» **DESCRIPTION OF THE TASK**
Locate the line bearing "Read PTEX/1(LT_PwrDschLmt) ->" in the material below, then reproduce it and each following line up to and including the line bearing "Read PTEX/4(HVBatVltUpLmt_CAN) ->".

» **TASK INPUTS**
--- START ---

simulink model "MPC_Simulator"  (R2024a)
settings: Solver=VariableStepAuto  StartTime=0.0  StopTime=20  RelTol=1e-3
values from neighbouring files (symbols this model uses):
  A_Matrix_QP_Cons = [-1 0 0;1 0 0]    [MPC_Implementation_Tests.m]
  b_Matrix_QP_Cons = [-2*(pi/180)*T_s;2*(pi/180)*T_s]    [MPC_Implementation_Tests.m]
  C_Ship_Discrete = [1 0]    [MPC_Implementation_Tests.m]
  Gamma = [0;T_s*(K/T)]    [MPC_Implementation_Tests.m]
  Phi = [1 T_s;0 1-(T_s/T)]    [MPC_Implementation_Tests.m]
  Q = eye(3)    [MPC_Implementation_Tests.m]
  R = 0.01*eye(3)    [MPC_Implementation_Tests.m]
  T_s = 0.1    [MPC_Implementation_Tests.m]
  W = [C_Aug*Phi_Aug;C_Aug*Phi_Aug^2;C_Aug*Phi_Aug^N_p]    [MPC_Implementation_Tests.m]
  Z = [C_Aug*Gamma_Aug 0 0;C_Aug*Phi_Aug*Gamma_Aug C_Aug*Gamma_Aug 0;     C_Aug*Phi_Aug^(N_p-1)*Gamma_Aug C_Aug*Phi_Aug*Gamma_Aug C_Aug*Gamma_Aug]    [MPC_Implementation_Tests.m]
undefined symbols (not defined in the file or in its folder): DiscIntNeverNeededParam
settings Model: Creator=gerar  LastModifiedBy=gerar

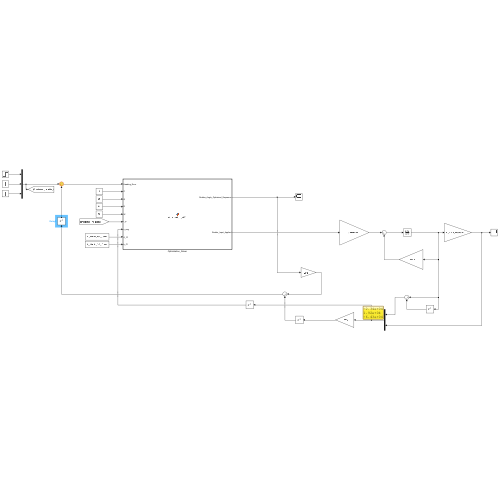
[thumbnail: Simulink's stored preview of the top-level diagram]
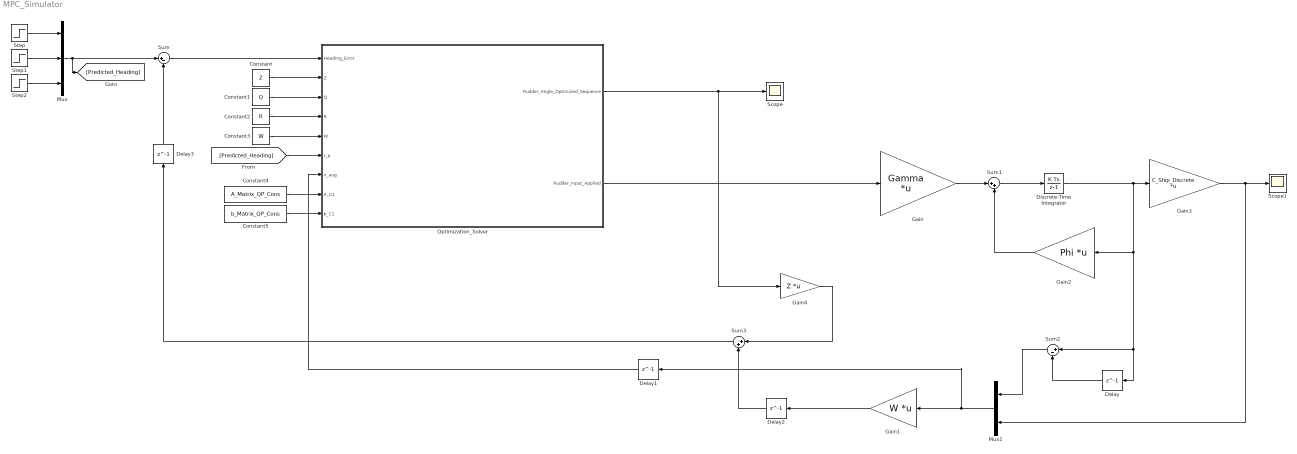
== system MPC_Simulator ==
  Constant : Constant  Value=Z
  Constant1 : Constant  Value=Q
  Constant2 : Constant  Value=R
  Constant3 : Constant  Value=W
  Constant4 : Constant  Value=A_Matrix_QP_Cons
  Constant5 : Constant  Value=b_Matrix_QP_Cons
  Delay : Delay  DelayLength=1  InputProcessing=Columns as channels (frame based)
  Delay1 : Delay  DelayLength=1  InputProcessing=Columns as channels (frame based)  SampleTime=T_s
  Delay2 : Delay  DelayLength=1  InputProcessing=Columns as channels (frame based)  SampleTime=T_s
  Delay3 : Delay  DelayLength=1  InputProcessing=Columns as channels (frame based)  SampleTime=T_s
  Discrete-Time Integrator : DiscreteIntegrator  InitialCondition=[0;0]  SampleTime=T_s  ICPrevOutput=DiscIntNeverNeededParam  ICPrevScaledInput=DiscIntNeverNeededParam
  Gain : Gain  Gain=Gamma  Multiplication=Matrix(K*u)
  Gain1 : Gain  Gain=W  Multiplication=Matrix(K*u)
  Gain2 : Gain  Gain=Phi  Multiplication=Matrix(K*u)
  Gain3 : Gain  Gain=C_Ship_Discrete  Multiplication=Matrix(K*u)
  Gain4 : Gain  Gain=Z  Multiplication=Matrix(K*u)
  Mux : Mux  Inputs=3
  Mux1 : Mux  Inputs=2
  Optimization_Solver : MATLAB Function  TreatAsAtomicUnit=on  SystemSampleTime=T_s
  Scope : Scope
  Scope1 : Scope
  Step : Step  Time=0  After=15*(pi/180)  SampleTime=0
  Step1 : Step  Time=0  After=15*(pi/180)  SampleTime=0
  Step2 : Step  Time=0  After=15*(pi/180)  SampleTime=0
  Sum : Sum  Inputs=|+-
  Sum1 : Sum  Inputs=|++
  Sum2 : Sum  Inputs=|+-
  Sum3 : Sum  Inputs=|++
  wires:
  Step2/1 -> Mux/3
  Step1/1 -> Mux/2
  Step/1 -> Mux/1
  Mux/1 -> [Predicted_Heading], Sum/1
  Sum/1 -> Optimization_Solver/1(Heading_Error)
  Constant/1 -> Optimization_Solver/2(Z)
  Constant1/1 -> Optimization_Solver/3(Q)
  Constant2/1 -> Optimization_Solver/4(R)
  Constant3/1 -> Optimization_Solver/5(W)
  [Predicted_Heading] -> Optimization_Solver/6(r_p)
  Constant4/1 -> Optimization_Solver/8(A_C1)
  Constant5/1 -> Optimization_Solver/9(b_C1)
  Optimization_Solver/2(Rudder_Input_Applied) -> Gain/1
  Gain/1 -> Sum1/1
  Sum1/1 -> Discrete-Time Integrator/1
  Gain2/1 -> Sum1/2
  Discrete-Time Integrator/1 -> Sum2/1, Delay/1, Gain2/1, Gain3/1
  Gain3/1 -> Mux1/2, Scope1/1
  Delay/1 -> Sum2/2
  Sum2/1 -> Mux1/1
  Mux1/1 -> Delay1/1, Gain1/1
  Gain4/1 -> Sum3/1
  Gain1/1 -> Delay2/1
  Delay1/1 -> Optimization_Solver/7(x_aug)
  Sum3/1 -> Delay3/1
  Optimization_Solver/1(Rudder_Angle_Optimized_Sequence) -> Gain4/1, Scope/1
  Delay2/1 -> Sum3/2
  Delay3/1 -> Sum/2

== matlab function MPC_Simulator/Optimization_Solver ==
  data: Heading_Error input; Rudder_Angle_Optimized_Sequence output; Z input; Q input; R input; W input; r_p input; x_aug input; A_C1 input; b_C1 input; Rudder_Input_Applied output
function [Rudder_Angle_Optimized_Sequence,Rudder_Input_Applied] = Optimization_MPC(Heading_Error,...
                                                            Z,...
                                                            Q,...
                                                            R,...
                                                            W,...
                                                            r_p,...
                                                            x_aug,...
                                                            A_C1,...
                                                            b_C1)

% Call to the Matlab function:
[Rudder_Angle_Optimized_Sequence,Rudder_Input_Applied] = EMF_Optimization_MPC(Heading_Error,...
                                                        Z,...
                                                        Q,...
                                                        R,...
                                                        W,...
                                                        r_p,...
                                                        x_aug,...
                                                        A_C1,...
                                                        b_C1);

end
simulink model "HIL_Testing_SW_amantest"  (Simulink 7.5)
settings: Solver=ode1  StartTime=0.0  StopTime=Inf  FixedStep=0.001  RelTol=1e-3
PostLoadFcn:
  | , if any(exist('dsrtsu_mdlpostloadfcn', 'file') == [2, 3, 6]), try dsrtsu_mdlpostloadfcn('Execute', bdroot); catch fprintf('Error in PostLoadFcn (dsrtsu_mdlpostloadfcn) for model "%s":\n %s\n', bdroot, lasterr); end, end,
undefined symbols (not defined in the file): CeBSER_Cnt_NumTempAxisPts, ChargeCord, ChargeCord_Control, ChargeToSOCCurr, ChrgCurrLim, CrntSens1Fine, CS_SOCSetPt, CyclerMaxChrgPwr, CyclerMaxDschrgPwr, deltaAhr, Drive_1, Drive_10, Drive_11, Drive_12, Drive_13, Drive_14, Drive_15, Drive_16, Drive_17, Drive_18, Drive_19, Drive_2, Drive_20, Drive_21, Drive_22, Drive_23, Drive_24, Drive_25, Drive_26, Drive_27, Drive_28, Drive_29, Drive_3, Drive_30, Drive_31, Drive_32, Drive_33, Drive_34, Drive_35, Drive_36, Drive_37, Drive_38, Drive_39, Drive_4, Drive_40, Drive_41, Drive_42, Drive_43, Drive_44, Drive_45, Drive_46, Drive_47, Drive_48, Drive_49, Drive_5, Drive_50, Drive_51, Drive_6, Drive_7, Drive_8 ... (+50)
libraries: simulink x129, rtican x50, rti2211sailib x5, rti2211serlib x5, rti2202miolib x3
(part 5 of 23)

== system HIL_Testing_SW_amantest/RX/Read EREV ==
  Enable : EnablePort
  Read HVEM : Subsystem
  Read PTEX : Subsystem
  LT_PwrDschLmt : Outport  OutDataType=sfix(16)  OutScaling=2^0
  LT_PwrChgLmt : Outport  Port=2  OutDataType=sfix(16)  OutScaling=2^0
  SOC : Outport  Port=3  OutDataType=sfix(16)  OutScaling=2^0
  SumOfCells : Outport  Port=4  OutDataType=sfix(16)  OutScaling=2^0
  MinCell : Outport  Port=5  OutDataType=sfix(16)  OutScaling=2^0
  MaxCell : Outport  Port=6  OutDataType=sfix(16)  OutScaling=2^0
  MinSectionVoltage : Outport  Port=7  OutDataType=sfix(16)  OutScaling=2^0
  HVCntctrStat : Outport  Port=8  OutDataType=sfix(16)  OutScaling=2^0
  PackCurrent : Outport  Port=9  OutDataType=sfix(16)  OutScaling=2^0
  PackVoltage : Outport  Port=10  OutDataType=sfix(16)  OutScaling=2^0
  BatTemp : Outport  Port=11  OutDataType=sfix(16)  OutScaling=2^0
  HVBatVltUpLmt_CAN : Outport  Port=12  OutDataType=sfix(16)  OutScaling=2^0
  HVBatVltLwLmt_CAN : Outport  Port=13  OutDataType=sfix(16)  OutScaling=2^0
  HVBatStOfChrgMin_CAN : Outport  Port=14  OutDataType=sfix(16)  OutScaling=2^0
  HVBatCrntLwLmt_CAN : Outport  Port=15  OutDataType=sfix(16)  OutScaling=2^0
  HVBatCrntUpLmt_CAN : Outport  Port=16  OutDataType=sfix(16)  OutScaling=2^0
  wires:
  Read PTEX/1(LT_PwrDschLmt) -> LT_PwrDschLmt/1
  Read PTEX/2(LT_PwrChgLmt) -> LT_PwrChgLmt/1
  Read PTEX/3(SOC) -> SOC/1
  Read HVEM/1(SumOfCells) -> SumOfCells/1
  Read HVEM/2(MinCell) -> MinCell/1
  Read HVEM/3(MaxCell) -> MaxCell/1
  Read HVEM/4(MinSectionVoltage) -> MinSectionVoltage/1
  Read HVEM/5(HVCntctrStat) -> HVCntctrStat/1
  Read HVEM/6(PackCurrent) -> PackCurrent/1
  Read HVEM/7(PackVoltage) -> PackVoltage/1
  Read HVEM/8(BatTemp) -> BatTemp/1
  Read PTEX/4(HVBatVltUpLmt_CAN) -> HVBatVltUpLmt_CAN/1
  Read PTEX/5(HVBatVltLwLmt_CAN) -> HVBatVltLwLmt_CAN/1
  Read PTEX/6(HVBatStOfChrgMin_CAN) -> HVBatStOfChrgMin_CAN/1
  Read PTEX/7(HVBatCrntLwLmt_CAN) -> HVBatCrntLwLmt_CAN/1
  Read PTEX/8(HVBatCrntUpLmt_CAN) -> HVBatCrntUpLmt_CAN/1

== system HIL_Testing_SW_amantest/TX/Chamber ==
  BatTemp : Inport  OutDataType=fixdt(1, 16)  OutScaling=2^0
  SetChamberT_ToBatTemp : Inport  Port=2  OutDataType=fixdt(1, 16)  OutScaling=2^0
  ChamberT_SwitchSlct : Subsystem  TreatAsAtomicUnit=on
  Multiport Switch : MultiPortSwitch  Inputs=39  zeroidx=off  OutDataTypeMode=uint8  OutDataType=fixdt(1, 16)  OutScaling=2^0  OutDataTypeStr=uint8
  SendTxToChamber : Subsystem  TreatAsAtomicUnit=on
  SetChamberTo10C : Constant  Value=[1 6 0 60 0 100 72 45]  OutDataTypeMode=uint8  OutDataType=fixdt(1, 16)  OutScaling=2^0  OutDataTypeStr=uint8
  SetChamberTo12p5C : Constant  Value=[1 6 0 60 0 125 137 231]  OutDataTypeMode=uint8  OutDataType=fixdt(1, 16)  OutScaling=2^0  OutDataTypeStr=uint8
  SetChamberTo15C : Constant  Value=[1 6 0 60 0 150 201 168]  OutDataTypeMode=uint8  OutDataType=fixdt(1, 16)  OutScaling=2^0  OutDataTypeStr=uint8
  SetChamberTo17p5C : Constant  Value=[1 6 0 60 0 175 9 186]  OutDataTypeMode=uint8  OutDataType=fixdt(1, 16)  OutScaling=2^0  OutDataTypeStr=uint8
  SetChamberTo20C : Constant  Value=[1 6 0 60 0 200 72 80]  OutDataTypeMode=uint8  OutDataType=fixdt(1, 16)  OutScaling=2^0  OutDataTypeStr=uint8
  SetChamberTo22p5C : Constant  Value=[1 6 0 60 0 225 137 142]  OutDataTypeMode=uint8  OutDataType=fixdt(1, 16)  OutScaling=2^0  OutDataTypeStr=uint8
  SetChamberTo25C : Constant  Value=[1 6 0 60 0 250 201 133]  OutDataTypeMode=uint8  OutDataType=fixdt(1, 16)  OutScaling=2^0  OutDataTypeStr=uint8
  SetChamberTo27p5C : Constant  Value=[1 6 0 60 1 19 9 155]  OutDataTypeMode=uint8  OutDataType=fixdt(1, 16)  OutScaling=2^0  OutDataTypeStr=uint8
  SetChamberTo2p5C : Constant  Value=[1 6 0 60 0 25 136 12]  OutDataTypeMode=uint8  OutDataType=fixdt(1, 16)  OutScaling=2^0  OutDataTypeStr=uint8
  SetChamberTo30C : Constant  Value=[1 6 0 60 1 44 73 139]  OutDataTypeMode=uint8  OutDataType=fixdt(1, 16)  OutScaling=2^0  OutDataTypeStr=uint8
  SetChamberTo32p5C : Constant  Value=[1 6 0 60 1 69 137 165]  OutDataTypeMode=uint8  OutDataType=fixdt(1, 16)  OutScaling=2^0  OutDataTypeStr=uint8
  SetChamberTo35C : Constant  Value=[1 6 0 60 1 94 201 174]  OutDataTypeMode=uint8  OutDataType=fixdt(1, 16)  OutScaling=2^0  OutDataTypeStr=uint8
  SetChamberTo37p5C : Constant  Value=[1 6 0 60 1 119 8 112]  OutDataTypeMode=uint8  OutDataType=fixdt(1, 16)  OutScaling=2^0  OutDataTypeStr=uint8
  SetChamberTo40C : Constant  Value=[1 6 0 60 1 144 72 58]  OutDataTypeMode=uint8  OutDataType=fixdt(1, 16)  OutScaling=2^0  OutDataTypeStr=uint8
  SetChamberTo42p5C : Constant  Value=[1 6 0 60 1 169 136 40]  OutDataTypeMode=uint8  OutDataType=fixdt(1, 16)  OutScaling=2^0  OutDataTypeStr=uint8
  SetChamberTo45C : Constant  Value=[1 6 0 60 1 194 201 199]  OutDataTypeMode=uint8  OutDataType=fixdt(1, 16)  OutScaling=2^0  OutDataTypeStr=uint8
  SetChamberTo47p5C : Constant  Value=[1 6 0 60 1 219 8 13]  OutDataTypeMode=uint8  OutDataType=fixdt(1, 16)  OutScaling=2^0  OutDataTypeStr=uint8
  SetChamberTo50C : Constant  Value=[1 6 0 60 1 244 73 209]  OutDataTypeMode=uint8  OutDataType=fixdt(1, 16)  OutScaling=2^0  OutDataTypeStr=uint8
  SetChamberTo52p5C : Constant  Value=[1 6 0 60 2 13 137 99]  OutDataTypeMode=uint8  OutDataType=fixdt(1, 16)  OutScaling=2^0  OutDataTypeStr=uint8
  SetChamberTo55C : Constant  Value=[1 6 0 60 2 38 201 124]  OutDataTypeMode=uint8  OutDataType=fixdt(1, 16)  OutScaling=2^0  OutDataTypeStr=uint8
  SetChamberTo57p5C : Constant  Value=[1 6 0 60 2 63 8 182]  OutDataTypeMode=uint8  OutDataType=fixdt(1, 16)  OutScaling=2^0  OutDataTypeStr=uint8
  SetChamberTo5C : Constant  Value=[1 6 0 60 0 50 200 19]  OutDataTypeMode=uint8  OutDataType=fixdt(1, 16)  OutScaling=2^0  OutDataTypeStr=uint8
  SetChamberTo60C : Constant  Value=[1 6 0 60 2 88 73 92]  OutDataTypeMode=uint8  OutDataType=fixdt(1, 16)  OutScaling=2^0  OutDataTypeStr=uint8
  SetChamberTo62p5C : Constant  Value=[1 6 0 60 2 113 136 130]  OutDataTypeMode=uint8  OutDataType=fixdt(1, 16)  OutScaling=2^0  OutDataTypeStr=uint8
  SetChamberTo65C : Constant  Value="[1 6 0 60 2  138 201 1]"  OutDataTypeMode=uint8  OutDataType=fixdt(1, 16)  OutScaling=2^0  OutDataTypeStr=uint8
  SetChamberTo7p5C : Constant  Value=[1 6 0 60 0 75 9 241]  OutDataTypeMode=uint8  OutDataType=fixdt(1, 16)  OutScaling=2^0  OutDataTypeStr=uint8
  SetChamberToMinus10C : Constant  Value=[1 6 0 60 255 156 8 95]  OutDataTypeMode=uint8  OutDataType=fixdt(1, 16)  OutScaling=2^0  OutDataTypeStr=uint8
  SetChamberToMinus12p5C : Constant  Value=[1 6 0 60 255 131 73 151]  OutDataTypeMode=uint8  OutDataType=fixdt(1, 16)  OutScaling=2^0  OutDataTypeStr=uint8
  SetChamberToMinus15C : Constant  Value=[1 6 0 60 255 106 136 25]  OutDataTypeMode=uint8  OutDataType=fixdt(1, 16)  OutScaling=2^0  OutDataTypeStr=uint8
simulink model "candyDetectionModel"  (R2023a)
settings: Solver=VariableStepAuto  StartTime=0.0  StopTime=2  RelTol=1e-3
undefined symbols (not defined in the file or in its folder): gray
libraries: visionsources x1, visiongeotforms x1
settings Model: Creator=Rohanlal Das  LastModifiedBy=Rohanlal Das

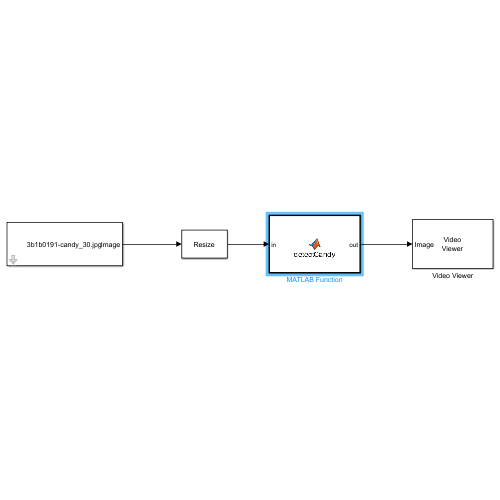
[thumbnail: Simulink's stored preview of the top-level diagram]
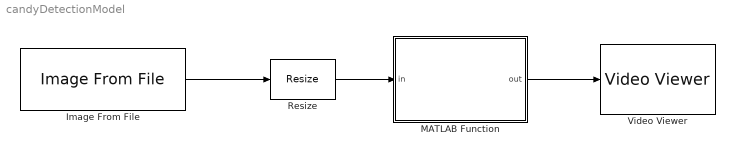
== system candyDetectionModel ==
  Image From File : visionsources/Image From File  Tag=vipblks_nd  FileName=C:\yolo\candyimages\images\3b1b0191-candy_30.jpg  Ts=inf  imagePorts=One multidimensional signal  OutPortLabels=R|G|B  ImageDataType=uint8  sdImageDataType=uint(8)  Signed=on  WordLength=16  FractionLengthMode=User-defined  FractionLength=15
  MATLAB Function : MATLAB Function  TreatAsAtomicUnit=on
  Resize : visiongeotforms/Resize  specify=Output size as a percentage of input size  rfactor=[320 320]  outCols=25  outRows=25  outRowsCols=[25 35]  interp_method=Nearest neighbor  antialias=on  useROI=off  roiFlag=off  roundingMode=Nearest  overflowMode=on  prodOutputMode=Binary point scaling  prodOutputWordLength=32  prodOutputFracLength=10
  Video Viewer : VideoViewer  colormapValue=gray(256)  FigPos=[266.6 779.6 950.4 613.6]
  wires:
  Image From File/1 -> Resize/1
  Resize/1 -> MATLAB Function/1(in)
  MATLAB Function/1(out) -> Video Viewer/1

== matlab function candyDetectionModel/MATLAB Function ==
  data: in input; out output
function out = detectCandy(in)
%#codegen

% Declare functions that are not supported for code generation
coder.extrinsic('evalin', 'detect', 'insertObjectAnnotation', ...
                'cellstr', 'string', 'strcat');

% Preinitialize output to match input image
out = in;

% Load detector from base workspace
detector = evalin('base', 'detector');

% Run detection using GPU
[bboxes, scores, labels] = detect(detector, in, 'ExecutionEnvironment', 'gpu');

% Annotate detections (if any)
if ~isempty(bboxes)
    labelStr = strcat(cellstr(labels), " ", string(round(scores * 100)), "%");
    out = insertObjectAnnotation(in, "rectangle", bboxes, labelStr, ...
        'FontSize', 22, 'LineWidth', 6, 'TextBoxOpacity', 0.8);
end

--- END ---

» **RESPONSE TO THIS TASK**
  Read PTEX/1(LT_PwrDschLmt) -> LT_PwrDschLmt/1
  Read PTEX/2(LT_PwrChgLmt) -> LT_PwrChgLmt/1
  Read PTEX/3(SOC) -> SOC/1
  Read HVEM/1(SumOfCells) -> SumOfCells/1
  Read HVEM/2(MinCell) -> MinCell/1
  Read HVEM/3(MaxCell) -> MaxCell/1
  Read HVEM/4(MinSectionVoltage) -> MinSectionVoltage/1
  Read HVEM/5(HVCntctrStat) -> HVCntctrStat/1
  Read HVEM/6(PackCurrent) -> PackCurrent/1
  Read HVEM/7(PackVoltage) -> PackVoltage/1
  Read HVEM/8(BatTemp) -> BatTemp/1
  Read PTEX/4(HVBatVltUpLmt_CAN) -> HVBatVltUpLmt_CAN/1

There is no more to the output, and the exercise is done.